Alemanha, França, Canadá (rodado na Patagônia Argentina e em Munique) | 105min | 35 mm |cor
Roteiro: Hans-Ulrich Klenner, Walter Saxer e Robert Geoffrion, a partir de ideia de Reinhold Messner
Direção: Werner Herzog
Produção: Walter Saxer
Som: Manfred Arbter
Montagem: Suzanne Baron
Fotografia: Rainer Klausmann
Música: excertos de Heinrich Schiitz, Richard Wagner, Sarah Hopkins, Alan Lamb, Ingram Marshall e Atahualpa Yupanqui
Elenco: Vittorio Mezzogiorno (Roccia), Stefan Glowacz (Martin), Mathilda May (Katharina), Donald Sutherland (Ivan), Brad Dourif (Senzadita), Al Waxman (Stephan), Chavela Vargas (senhora indiana), Hans Kammerlander (escalador), Volker Prechtl (mestre himalaio)
Schrei Aus Stein (Grito De Pedra), lançado no Brasil como No Coração Da Montanha,
é um trabalho atípico de Herzog: o roteiro foi escrito pelo colaborador
de longa data Walter Saxer, junto com dois amigos, a partir de uma
ideia do montanhês Reinhold Messner, protagonista de Gasherbrum – Der Leuchtende Berg.
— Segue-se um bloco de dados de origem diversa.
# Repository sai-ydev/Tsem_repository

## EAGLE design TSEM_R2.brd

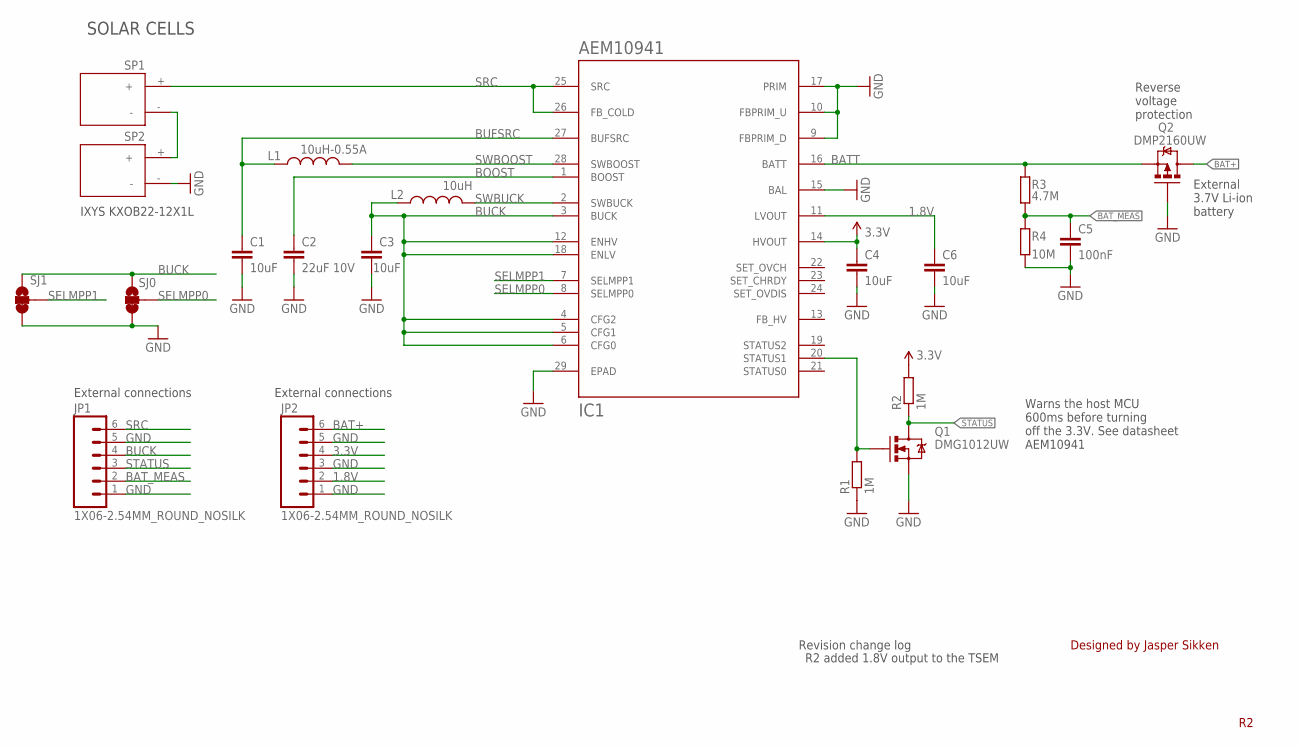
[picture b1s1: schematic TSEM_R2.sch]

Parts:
C1, C3, C4, C6: 10uF; C0603
C2: 22uF 10V; C0603
C5: 100nF; C0402
IC1: AEM10941; QFN50P505X505X90-28
JP1, JP2: 1X06-2.54MM_ROUND_NOSILK; 1X06_2.54MM_ROUND_NOSILK
L1: 10uH-0.55A; LPS4012
L2: 10uH; L0603
Q1: DMG1012UW; SOT323
Q2: DMP2160UW; SOT323
R1, R2: 1M; R0402
R3: 4.7M; R0402
R4: 10M; R0402
SJ0, SJ1: SOLDERJUMPER_3WAY_12SHORT3WAY; SJ_3S_NC_0402
SP1, SP2: KXOB22-12X1; IXYS-KXOB22-12X1

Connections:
1.8V: C6.1, IC1.11 (LVOUT), JP2.2
3.3V: C4.1, IC1.14 (HVOUT), JP2.4, R2.2
BAT+: JP2.6, Q2.3 (D)
BATT: IC1.16 (BATT), Q2.2 (S), R3.2
BAT_MEAS: C5.1, JP1.2, R3.1, R4.2
BOOST: C2.1, IC1.1 (BOOST)
BUCK: C3.1, IC1.3 (BUCK), IC1.4 (CFG2), IC1.5 (CFG1), IC1.6 (CFG0), IC1.12 (ENHV), IC1.18 (ENLV), JP1.4, L2.1, SJ0.3, SJ1.3
BUFSRC: C1.1, IC1.27 (BUFSRC), L1.1
GND: C1.2, C2.2, C3.2, C4.2, C5.2, C6.2, IC1.9 (FBPRIM_D), IC1.10 (FBPRIM_U), IC1.15 (BAL), IC1.17 (PRIM), IC1.29 (EPAD), JP1.1, JP1.5, JP2.1, JP2.3, JP2.5, Q1.2 (S), Q2.1 (G), R1.1, R4.1, SJ0.1, SJ1.1, SP2.-
unnamed: SP1.-, SP2.+
SELMPP0: IC1.8 (SELMPP0), SJ0.2
SELMPP1: IC1.7 (SELMPP1), SJ1.2
SRC: IC1.25 (SRC), IC1.26 (FB_COLD), JP1.6, SP1.+
STATUS: JP1.3, Q1.3 (D), R2.1
STATUS1: IC1.20 (STATUS1), Q1.1 (G), R1.2
SWBOOST: IC1.28 (SWBOOST), L1.2
SWBUCK: IC1.2 (SWBUCK), L2.2

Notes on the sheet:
SOLAR CELLS
IXYS KXOB22-12X1L
Reverse voltage protection
External 3.7V Li-ion battery
Warns the host MCU 600ms before turning off the 3.3V. See datasheet AEM10941
External connections
Designed by Jasper Sikken
Revision change log
R2 added 1.8V output to the TSEM

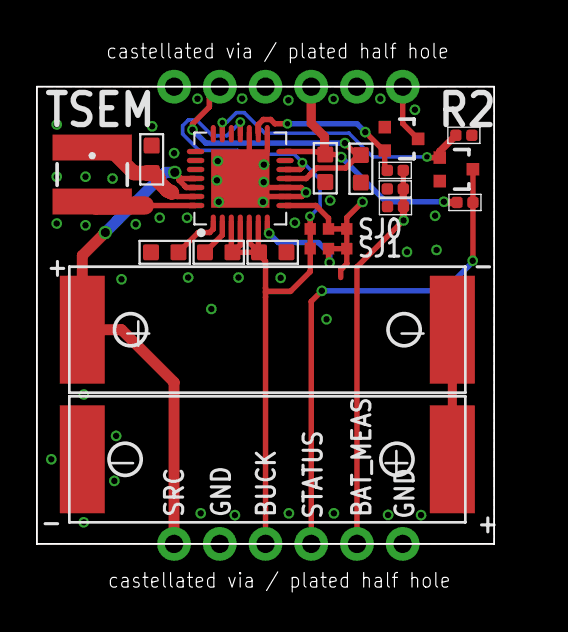
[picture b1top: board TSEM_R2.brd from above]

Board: 2 copper layers, 27.5 x 31.0 mm, 21 parts (0 on the bottom side), 17 nets.

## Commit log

2025-01-02 File download & check-in

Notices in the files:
parts and their libraries:
SparkFun-Aesthetics: Licensing: CC v3.0 Share-Alike You are welcome to use this library for commercial purposes.

Basicamente a história é sobre dois alpinistas, um jovem e impetuoso (Martin) e um experiente e amargurado (Roccia) disputando entre si pra ver quem é melhor montanhista, tem o ego mais inflado e fica com a mocinha do filme (a bela Katharina), tudo sob o controle do ambicioso empresário televisivo Ivan. E o palco central de tudo isso é o imponente e perigoso Cerro Torre, na Patagônia.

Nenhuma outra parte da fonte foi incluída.